Sunday, June 3, 2012

Guilty Pleasure= Surprising Inspiration

There is no dignified way to say this, but I am addicted to a novela (Spanish soap opera). I say addicted because it really isn't that good. I've see better, fo' sho'! But I must watch it. I need to know how things will turn out with Marisa, Cristobal, and Lalo. Realizing that I can catch up with missed episode online has only made things worse. Especially since that is the main way that I watch "Una Maid en Manhattan." Yes, that translates as "Maid in Manhattan", and yes it is loosely based on the J-Lo movie, and yes it is cheesy and ridiculous, but I am addicted to it.

Honestly this started as an experiment to see if I can regain some of my lost Spanish. I have lost so much of my Spanish since moving out of my parents' home. And I really wanted to regain that language, especially to be able to use with my students' parents. On the positive- my Spanish has improved. On the negative-it has improved mostly in areas that have to do with defending ones love, seeking revenge, and speaking romantically to my lover. Not helpful at all at my job. Ha!

The good thing about watching the novela online is that I don't have to sit through as many commercials. It's kinda like watching TV episodes on Hulu. And it is the same 5 commercials nearly every time, so I have their lengths memorized.
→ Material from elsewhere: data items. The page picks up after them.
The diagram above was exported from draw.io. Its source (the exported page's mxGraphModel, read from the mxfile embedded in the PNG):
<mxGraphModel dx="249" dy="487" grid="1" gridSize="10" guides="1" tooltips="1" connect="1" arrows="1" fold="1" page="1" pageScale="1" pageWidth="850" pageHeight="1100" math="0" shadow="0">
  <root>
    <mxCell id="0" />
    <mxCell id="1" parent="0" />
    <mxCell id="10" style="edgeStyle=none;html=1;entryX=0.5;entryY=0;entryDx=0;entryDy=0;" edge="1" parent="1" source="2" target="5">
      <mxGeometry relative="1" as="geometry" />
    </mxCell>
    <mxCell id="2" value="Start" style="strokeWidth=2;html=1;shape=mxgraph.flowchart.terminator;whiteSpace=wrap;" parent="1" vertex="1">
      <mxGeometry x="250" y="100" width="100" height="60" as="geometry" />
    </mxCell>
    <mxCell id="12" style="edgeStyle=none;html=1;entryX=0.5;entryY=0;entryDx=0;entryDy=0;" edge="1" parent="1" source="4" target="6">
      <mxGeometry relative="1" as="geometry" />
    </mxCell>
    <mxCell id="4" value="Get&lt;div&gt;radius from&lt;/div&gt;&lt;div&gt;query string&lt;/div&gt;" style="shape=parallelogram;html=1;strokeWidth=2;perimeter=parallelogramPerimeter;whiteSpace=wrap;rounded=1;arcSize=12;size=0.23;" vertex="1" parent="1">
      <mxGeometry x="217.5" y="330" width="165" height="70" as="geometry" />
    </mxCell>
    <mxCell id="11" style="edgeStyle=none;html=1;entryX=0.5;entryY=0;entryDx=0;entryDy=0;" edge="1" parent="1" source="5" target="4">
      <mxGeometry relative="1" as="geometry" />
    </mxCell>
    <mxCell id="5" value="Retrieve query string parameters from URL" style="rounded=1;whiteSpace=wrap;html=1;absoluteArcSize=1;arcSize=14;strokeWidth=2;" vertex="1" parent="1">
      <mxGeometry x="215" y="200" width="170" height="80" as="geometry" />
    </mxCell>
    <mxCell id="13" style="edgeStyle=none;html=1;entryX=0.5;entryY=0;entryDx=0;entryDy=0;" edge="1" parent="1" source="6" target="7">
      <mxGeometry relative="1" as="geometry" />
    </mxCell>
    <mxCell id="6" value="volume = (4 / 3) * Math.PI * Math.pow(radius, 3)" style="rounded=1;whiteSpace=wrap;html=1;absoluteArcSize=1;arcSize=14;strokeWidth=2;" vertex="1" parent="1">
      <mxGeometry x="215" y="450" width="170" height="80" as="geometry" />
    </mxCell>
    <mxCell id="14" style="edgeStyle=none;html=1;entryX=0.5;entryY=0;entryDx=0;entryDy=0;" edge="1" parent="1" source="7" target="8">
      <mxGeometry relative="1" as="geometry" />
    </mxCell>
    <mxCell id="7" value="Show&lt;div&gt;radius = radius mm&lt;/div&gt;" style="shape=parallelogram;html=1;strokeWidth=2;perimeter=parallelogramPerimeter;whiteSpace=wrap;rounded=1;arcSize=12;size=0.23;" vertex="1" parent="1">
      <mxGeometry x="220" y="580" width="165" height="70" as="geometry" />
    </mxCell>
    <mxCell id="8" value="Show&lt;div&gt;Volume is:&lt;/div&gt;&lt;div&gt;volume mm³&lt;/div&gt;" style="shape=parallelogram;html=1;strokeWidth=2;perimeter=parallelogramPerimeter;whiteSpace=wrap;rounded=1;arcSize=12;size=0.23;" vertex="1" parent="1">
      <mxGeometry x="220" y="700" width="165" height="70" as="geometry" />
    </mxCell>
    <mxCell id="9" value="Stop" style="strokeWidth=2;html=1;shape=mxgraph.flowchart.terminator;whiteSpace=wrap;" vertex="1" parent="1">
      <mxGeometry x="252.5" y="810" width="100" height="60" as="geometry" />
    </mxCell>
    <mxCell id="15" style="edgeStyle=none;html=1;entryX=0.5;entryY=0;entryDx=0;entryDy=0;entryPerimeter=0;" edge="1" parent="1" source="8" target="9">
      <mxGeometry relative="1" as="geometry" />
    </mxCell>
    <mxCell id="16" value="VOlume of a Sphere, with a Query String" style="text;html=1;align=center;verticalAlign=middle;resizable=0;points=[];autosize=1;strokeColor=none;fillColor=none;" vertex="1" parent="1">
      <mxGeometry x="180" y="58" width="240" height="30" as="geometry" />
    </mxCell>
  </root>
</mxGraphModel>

I can dash out of the room and be back in time for the novela to start up again.

One of the commercials that is in the loop is a Pampers diaper commercial (excellent marketing- they sure do know their audience, just saying). The music in it is one of my favorites. And it is also a commercial that has surprisingly been one of my greatest encouragers. It has given me such a strong sense of hope, which is surprising. I think it hilarious that a commercial can do this, even if unintentionally.

The commercial in Spanish is less than a minute long, but I couldn't find the Spanish version. So below you will find a link to the English version. The visuals are all the same just longer. The music is the same, and part that still puts the greatest smile on my face and tears in my eyes is still there.


The part that speaks to my heart is when the text reads "Whether she's 3 months early...Or 10 years late." Even now, I am tearing up. Because, this will happen, I know it. Even if it is 10 years late. And if it is, I will be as happy as the woman in that scene. That joy will be mine! I just have to trust and wait.

And that is how my novela and Pampers gave me hope. May you too find hope for without it we are lost.

Love.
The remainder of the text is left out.